# JLabel o.ä. mit Variablen verknüpfen



## norman (29. Mai 2006)

Hallo zusammen,

wie kann ich denn zB ein JLabel am einfachsten so mit einer Variablen verknüpfen, dass das label bei einer änderung der variablen entsprechend den aktuellen wert anzeigt?


----------



## thE_29 (29. Mai 2006)

Wie oft kann man den ne Variable im Programm ändern?

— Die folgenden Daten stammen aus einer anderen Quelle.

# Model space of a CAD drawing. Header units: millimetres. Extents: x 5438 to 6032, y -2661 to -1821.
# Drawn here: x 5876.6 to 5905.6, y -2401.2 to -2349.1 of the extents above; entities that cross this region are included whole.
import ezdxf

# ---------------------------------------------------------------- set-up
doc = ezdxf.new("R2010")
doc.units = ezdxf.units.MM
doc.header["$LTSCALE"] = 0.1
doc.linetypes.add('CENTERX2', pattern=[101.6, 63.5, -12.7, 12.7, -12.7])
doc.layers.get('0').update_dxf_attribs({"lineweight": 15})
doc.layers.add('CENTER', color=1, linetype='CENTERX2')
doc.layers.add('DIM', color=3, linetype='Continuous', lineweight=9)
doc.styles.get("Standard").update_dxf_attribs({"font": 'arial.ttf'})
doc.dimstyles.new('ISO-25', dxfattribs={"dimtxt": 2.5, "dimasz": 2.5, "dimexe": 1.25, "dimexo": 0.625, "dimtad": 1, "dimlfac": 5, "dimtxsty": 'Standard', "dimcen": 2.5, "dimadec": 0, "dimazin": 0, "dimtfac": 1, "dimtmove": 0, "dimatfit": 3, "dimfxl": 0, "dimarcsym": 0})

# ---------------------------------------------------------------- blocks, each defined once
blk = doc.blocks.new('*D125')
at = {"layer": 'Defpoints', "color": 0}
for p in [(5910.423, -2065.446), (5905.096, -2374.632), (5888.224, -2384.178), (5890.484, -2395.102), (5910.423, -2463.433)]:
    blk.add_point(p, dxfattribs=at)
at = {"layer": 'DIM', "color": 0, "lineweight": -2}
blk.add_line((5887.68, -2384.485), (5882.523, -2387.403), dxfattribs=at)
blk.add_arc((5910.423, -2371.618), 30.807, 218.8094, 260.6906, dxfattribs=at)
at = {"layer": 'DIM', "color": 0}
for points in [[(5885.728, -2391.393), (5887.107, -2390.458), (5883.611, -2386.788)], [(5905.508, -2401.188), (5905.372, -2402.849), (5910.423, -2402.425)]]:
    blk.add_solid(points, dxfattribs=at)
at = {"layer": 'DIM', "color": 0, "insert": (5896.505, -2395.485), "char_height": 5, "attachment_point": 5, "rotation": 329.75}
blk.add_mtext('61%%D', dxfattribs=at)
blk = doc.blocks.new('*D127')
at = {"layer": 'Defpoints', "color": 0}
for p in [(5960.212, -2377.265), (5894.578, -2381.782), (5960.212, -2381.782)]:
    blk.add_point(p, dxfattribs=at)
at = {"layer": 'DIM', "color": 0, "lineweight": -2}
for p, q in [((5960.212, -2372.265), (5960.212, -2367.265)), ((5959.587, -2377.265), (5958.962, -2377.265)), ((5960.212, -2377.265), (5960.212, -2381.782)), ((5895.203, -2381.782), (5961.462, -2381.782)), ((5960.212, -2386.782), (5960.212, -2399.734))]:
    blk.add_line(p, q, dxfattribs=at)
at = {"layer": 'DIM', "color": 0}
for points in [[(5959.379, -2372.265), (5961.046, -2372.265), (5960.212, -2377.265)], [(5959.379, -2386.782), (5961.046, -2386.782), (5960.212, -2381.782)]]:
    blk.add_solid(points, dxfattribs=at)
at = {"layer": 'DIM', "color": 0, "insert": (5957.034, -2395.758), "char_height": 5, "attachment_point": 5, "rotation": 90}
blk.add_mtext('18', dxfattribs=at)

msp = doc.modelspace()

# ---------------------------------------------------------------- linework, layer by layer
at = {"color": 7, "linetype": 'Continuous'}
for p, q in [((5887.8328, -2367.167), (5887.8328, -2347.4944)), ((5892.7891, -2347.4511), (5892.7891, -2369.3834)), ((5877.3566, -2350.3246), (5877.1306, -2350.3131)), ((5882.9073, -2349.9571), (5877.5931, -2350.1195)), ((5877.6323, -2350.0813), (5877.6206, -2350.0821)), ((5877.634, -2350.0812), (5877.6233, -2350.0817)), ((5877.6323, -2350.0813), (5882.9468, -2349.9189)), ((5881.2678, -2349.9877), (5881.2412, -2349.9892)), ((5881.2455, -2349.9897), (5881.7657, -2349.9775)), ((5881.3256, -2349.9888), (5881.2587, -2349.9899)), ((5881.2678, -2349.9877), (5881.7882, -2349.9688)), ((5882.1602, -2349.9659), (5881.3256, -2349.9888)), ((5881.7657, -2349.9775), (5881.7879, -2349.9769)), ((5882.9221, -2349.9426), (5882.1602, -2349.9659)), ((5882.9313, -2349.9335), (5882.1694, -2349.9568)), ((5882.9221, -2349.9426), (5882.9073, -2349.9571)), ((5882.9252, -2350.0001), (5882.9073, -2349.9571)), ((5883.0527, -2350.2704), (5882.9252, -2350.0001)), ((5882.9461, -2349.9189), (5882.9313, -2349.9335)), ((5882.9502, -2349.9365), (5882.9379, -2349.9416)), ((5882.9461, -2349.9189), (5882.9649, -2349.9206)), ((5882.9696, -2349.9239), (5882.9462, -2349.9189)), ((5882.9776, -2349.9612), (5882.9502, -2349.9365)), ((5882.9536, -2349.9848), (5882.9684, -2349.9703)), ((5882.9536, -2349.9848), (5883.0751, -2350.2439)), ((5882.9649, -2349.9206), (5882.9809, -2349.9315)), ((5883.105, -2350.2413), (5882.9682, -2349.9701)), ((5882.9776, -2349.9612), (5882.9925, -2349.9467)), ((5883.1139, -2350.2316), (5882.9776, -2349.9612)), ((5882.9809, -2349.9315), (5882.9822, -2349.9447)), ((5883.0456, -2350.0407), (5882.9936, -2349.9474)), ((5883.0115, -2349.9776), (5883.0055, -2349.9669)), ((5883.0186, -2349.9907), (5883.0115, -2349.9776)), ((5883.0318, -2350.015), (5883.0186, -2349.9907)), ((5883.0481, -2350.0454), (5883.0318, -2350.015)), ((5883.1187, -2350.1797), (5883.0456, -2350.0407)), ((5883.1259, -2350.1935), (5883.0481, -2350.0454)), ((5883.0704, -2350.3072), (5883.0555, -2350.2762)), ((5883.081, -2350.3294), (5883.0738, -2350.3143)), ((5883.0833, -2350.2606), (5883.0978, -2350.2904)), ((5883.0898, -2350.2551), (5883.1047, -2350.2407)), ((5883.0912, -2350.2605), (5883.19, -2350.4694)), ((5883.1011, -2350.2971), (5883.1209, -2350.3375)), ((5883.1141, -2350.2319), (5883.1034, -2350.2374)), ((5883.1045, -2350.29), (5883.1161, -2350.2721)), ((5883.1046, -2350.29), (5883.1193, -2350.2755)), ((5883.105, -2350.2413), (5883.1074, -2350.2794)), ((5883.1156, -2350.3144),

Eh net so oft, bau halt nach jeder Änderung ein setText ein!


----------



## norman (29. Mai 2006)

genau das wollte ich eigentlich vermeiden. hm. :-/


----------



## Java Chris (29. Mai 2006)

dann bau dir ne funktion der du einen wert übergibst und diese funktion mach dass davon, variable und label setzen


----------



## norman (29. Mai 2006)

naja, ich dachte eher an sowas wie value-binding ???:L


----------



## thE_29 (29. Mai 2006)

Schreib dir halt ne LabelData Klasse extends JLabel

welches du einem Typen zuweisen kannst!

Und wenn setTyp(String) kommt, dann machst ein validate/repaint fürs JLabel!


----------



## Roar (29. Mai 2006)

hm, sowas?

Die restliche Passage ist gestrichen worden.